Any ideal makeup? alphanumeric including upper case?
It might be helpful to step through an example CSRF exploit in order to understand how a state parameter mitigates such an attack. In this example Mallory is the attacker and Alice is the victim.
The Attack
Mallory visits some client's website and starts the process of authorizing that client to access some service provider using OAuth
The client asks the service provider for permission to request access on Mallory's behalf, which is granted
Mallory is redirected to the service provider's website, where she would normally enter her username/password in order to authorize access
Instead, Mallory traps/prevents this request and saves its URL
Now, Mallory somehow gets Alice to visit that URL. If Alice is logged-in to the service provider with her own account, then her credentials will be used to issue an authorization code
The authorization code is exchanged for an access token
Now Mallory's account on the client is authorized to access Alice's account on the service provider
So, how do we prevent this using the state parameter?
Prevention
The client should create a value that is somehow based on the original user's account (a hash of the user's session key, for example). It doesn't matter what it is as long as it's unique and generated using some private, unguessable information about the original user.
This value is passed to the service provider in the redirect from step three above
Now, when Mallory gets Alice to visit the saved URL (step five above), that URL includes the state parameter generated with Mallory's session information
The authorization code is issued and sent back to the client in Alice's session along with Mallory's state parameter
The client generates a new state value based on Alice's session information and compares it to the state value that was sent back from the authorization request to the service provider. This value does not match the state parameter on the request, because that state value was generated based on Mallory's session information, so it is rejected.
An attacker should not be able to generate a state value for any specific user and, therefore, tricking a user into visiting their authorization URL has no effect.
Just for #1 -- 3-legged authorization using Authorization Code flow.
When your application exchanges the authorization code for an access token, you want to be sure that the OAuth flow which resulted in the authorization code provided was actually initiated by the legitimate user. So, before the client application kicks off the OAuth flow by redirecting the user to the provider, the client application creates a random state value and typically store it in a server-side session. Then, as the user completes the OAuth flow, you check to make sure state value matches the value stored in the user's server-side session-- as that indicates the user had initiated the OAuth flow.

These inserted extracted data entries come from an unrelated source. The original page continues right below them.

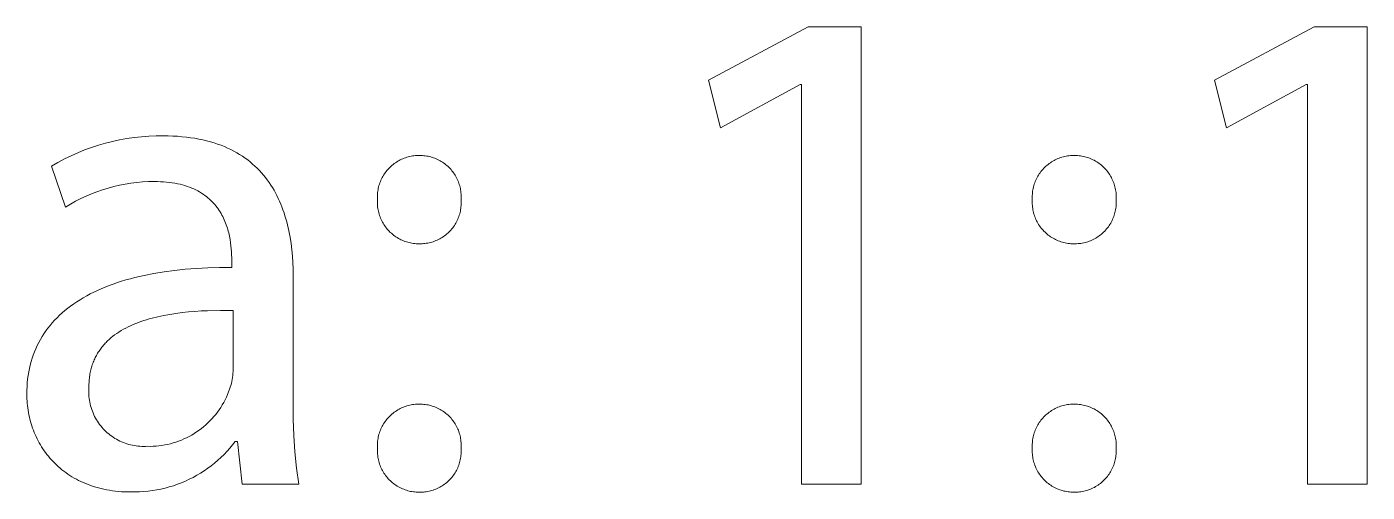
# Model space of a CAD drawing. Header units: millimetres. Extents: x -1893 to 2799, y -925 to 2353.
# Drawn here: x 2492.4 to 2581.8, y -721.6 to -690.5 of the extents above; entities that cross this region are included whole.
import ezdxf

# ---------------------------------------------------------------- set-up
doc = ezdxf.new("R2010")
doc.units = ezdxf.units.MM
doc.header["$MEASUREMENT"] = 0
doc.layers.add('Domyślny', color=7, linetype='Continuous', true_color=0x000000)

msp = doc.modelspace()

# ---------------------------------------------------------------- linework, layer by layer
at = {"layer": 'Domyślny', "color": 18, "lineweight": 15, "true_color": 0x000000}
for p, q in [((2537.858, -694.062), (2544.513, -690.499)), ((2544.513, -690.499), (2548.045, -690.499)), ((2548.045, -690.499), (2548.045, -721.029)), ((2571.609, -694.062), (2578.265, -690.499)), ((2578.265, -690.499), (2581.796, -690.499)), ((2581.796, -690.499), (2581.796, -721.029)), ((2538.654, -697.233), (2537.858, -694.062)), ((2543.967, -694.358), (2538.654, -697.233)), ((2544.06, -694.358), (2543.967, -694.358)), ((2544.06, -721.029), (2544.06, -694.358)), ((2572.406, -697.233), (2571.609, -694.062)), ((2577.718, -694.358), (2572.406, -697.233)), ((2577.812, -694.358), (2577.718, -694.358)), ((2577.812, -721.029), (2577.812, -694.358)), ((2497.152, -698.4), (2497.622, -698.264)), ((2497.622, -698.264), (2498.096, -698.145)), ((2498.096, -698.145), (2498.573, -698.042)), ((2498.573, -698.042), (2499.054, -697.955)), ((2499.054, -697.955), (2499.538, -697.886)), ((2499.538, -697.886), (2500.024, -697.833)), ((2500.024, -697.833), (2500.512, -697.798)), ((2500.512, -697.798), (2501, -697.779)), ((2501, -697.779), (2501.489, -697.777)), ((2501.489, -697.777), (2501.811, -697.78)), ((2501.811, -697.78), (2502.125, -697.791)), ((2502.125, -697.791), (2502.432, -697.808)), ((2502.432, -697.808), (2502.732, -697.831)), ((2502.732, -697.831), (2503.024, -697.862)), ((2503.024, -697.862), (2503.309, -697.898)), ((2503.309, -697.898), (2503.586, -697.941)), ((2503.586, -697.941), (2503.857, -697.99)), ((2503.857, -697.99), (2504.12, -698.045)), ((2504.12, -698.045), (2504.377, -698.106)), ((2504.377, -698.106), (2504.627, -698.173)), ((2504.627, -698.173), (2504.869, -698.245)), ((2504.869, -698.245), (2505.106, -698.324)), ((2505.106, -698.324), (2505.335, -698.407)), ((2494.89, -699.318), (2495.329, -699.103)), ((2495.329, -699.103), (2495.776, -698.904)), ((2495.776, -698.904), (2496.229, -698.72)), ((2496.229, -698.72), (2496.688, -698.552)), ((2496.688, -698.552), (2497.152, -698.4)), ((2505.335, -698.407), (2505.558, -698.496)), ((2505.558, -698.496), (2505.775, -698.59)), ((2505.775, -698.59), (2505.985, -698.69)), ((2505.985, -698.69), (2506.188, -698.794)), ((2506.188, -698.794), (2506.386, -698.904)), ((2506.386, -698.904), (2506.577, -699.018)), ((2506.577, -699.018), (2506.763, -699.137)), ((2506.763, -699.137), (2506.942, -699.26)), ((2517.557, -699.267), (2517.646, -699.235)), ((2517.646, -699.235), (2517.737, -699.206)), ((2517.737, -699.206), (2517.829, -699.18)), ((2517.829, -699.18), (2517.922, -699.157)), ((2517.922, -699.157), (2518.015, -699.137)), ((2518.015, -699.137), (2518.109, -699.121)), ((2518.109, -699.121), (2518.204, -699.108)), ((2518.204, -699.108), (2518.299, -699.098)), ((2518.299, -699.098), (2518.394, -699.091)), ((2518.394, -699.091), (2518.489, -699.088)), ((2518.489, -699.088), (2518.585, -699.088)), ((2518.585, -699.088), (2518.68, -699.089)), ((2518.68, -699.089), (2518.774, -699.093)), ((2518.774, -699.093), (2518.869, -699.1)), ((2518.869, -699.1), (2518.963, -699.111)), ((2518.963, -699.111), (2519.056, -699.125)), ((2519.056, -699.125), (2519.149, -699.142)), ((2519.149, -699.142), (2519.242, -699.163)), ((2519.242, -699.163), (2519.334, -699.186)), ((2519.334, -699.186), (2519.424, -699.213)), ((2519.424, -699.213), (2519.514, -699.242)), ((2561.252, -699.264), (2561.343, -699.231)), ((2561.343, -699.231), (2561.434, -699.203)), ((2561.434, -699.203), (2561.526, -699.177)), ((2561.526, -699.177), (2561.619, -699.154)), ((2561.619, -699.154), (2561.713, -699.135)), ((2561.713, -699.135), (2561.807, -699.119)), ((2561.807, -699.119), (2561.902, -699.106)), ((2561.902, -699.106), (2561.998, -699.097)), ((2561.998, -699.097), (2562.093, -699.09)), ((2562.093, -699.09), (2562.189, -699.088)), ((2562.189, -699.088), (2562.285, -699.088)), ((2562.285, -699.088), (2562.381, -699.09)), ((2562.381, -699.09), (2562.477, -699.095)), ((2562.477, -699.095), (2562.574, -699.103)), ((2562.574, -699.103), (2562.669, -699.115)), ((2562.669, -699.115), (2562.765, -699.13)), ((2562.765, -699.13), (2562.859, -699.148)), ((2562.859, -699.148), (2562.953, -699.17)), ((2562.953, -699.17), (2563.047, -699.195)), ((2563.047, -699.195), (2563.139, -699.223)), ((2563.139, -699.223), (2563.23, -699.254)), ((2494.036, -699.793), (2494.459, -699.548)), ((2494.958, -702.527), (2494.036, -699.793)), ((2494.459, -699.548), (2494.89, -699.318)), ((2506.942, -699.26), (2507.115, -699.388)), ((2507.115, -699.388), (2507.283, -699.52)), ((2507.283, -699.52), (2507.445, -699.657)), ((2507.445, -699.657), (2507.601, -699.798)), ((2507.601, -699.798), (2507.752, -699.942)), ((2507.752, -699.942), (2507.897, -700.091)), ((2507.897, -700.091), (2508.037, -700.243)), ((2516.345, -700.165), (2516.404, -700.09)), ((2516.404, -700.09), (2516.466, -700.018)), ((2516.466, -700.018), (2516.531, -699.948)), ((2516.531, -699.948), (2516.598, -699.88)), ((2516.598, -699.88), (2516.667, -699.814)), ((2516.667, -699.814), (2516.739, -699.751)), ((2516.739, -699.751), (2516.813, -699.69)), ((2516.813, -699.69), (2516.888, -699.632)), ((2516.888, -699.632), (2516.966, -699.576)), ((2516.966, -699.576), (2517.046, -699.524)), ((2517.046, -699.524), (2517.127, -699.474)), ((2517.127, -699.474), (2517.21, -699.426)), ((2517.21, -699.426), (2517.294, -699.382)), ((2517.294, -699.382), (2517.38, -699.341)), ((2517.38, -699.341), (2517.468, -699.302)), ((2517.468, -699.302), (2517.557, -699.267)), ((2519.514, -699.242), (2519.603, -699.275)), ((2519.603, -699.275), (2519.691, -699.311)), ((2519.691, -699.311), (2519.777, -699.35)), ((2519.777, -699.35), (2519.862, -699.392)), ((2519.862, -699.392), (2519.946, -699.436)), ((2519.946, -699.436), (2520.027, -699.484)), ((2520.027, -699.484), (2520.108, -699.534)), ((2520.108, -699.534), (2520.186, -699.587)), ((2520.186, -699.587), (2520.263, -699.643)), ((2520.263, -699.643), (2520.337, -699.701)), ((2520.337, -699.701), (2520.41, -699.762)), ((2520.41, -699.762), (2520.48, -699.825)), ((2520.48, -699.825), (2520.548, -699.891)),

A state value should typically be a pseudo-random unguessable value. A simple value can be generated as an int with the rand() function in PHP, though you could get more complex as well to provide greater assurance.
The state exists to prevent things like me sending you a link via e-mail which contains an authorization code for my account, you clicking on it and the application pushing all the data into my account unbeknownst to you.
Some additional information is in the OAuth 2.0 threat model document:
https://datatracker.ietf.org/doc/html/draft-ietf-oauth-v2-threatmodel-00
In particular, see the section on CSRF protection:
https://datatracker.ietf.org/doc/html/draft-ietf-oauth-v2-26#section-10.12
As the "state" is just a random string, making something like this should do the trick:
$state = md5(uniqid(rand(), TRUE));
Just remember to save it in your session so you can check it later on.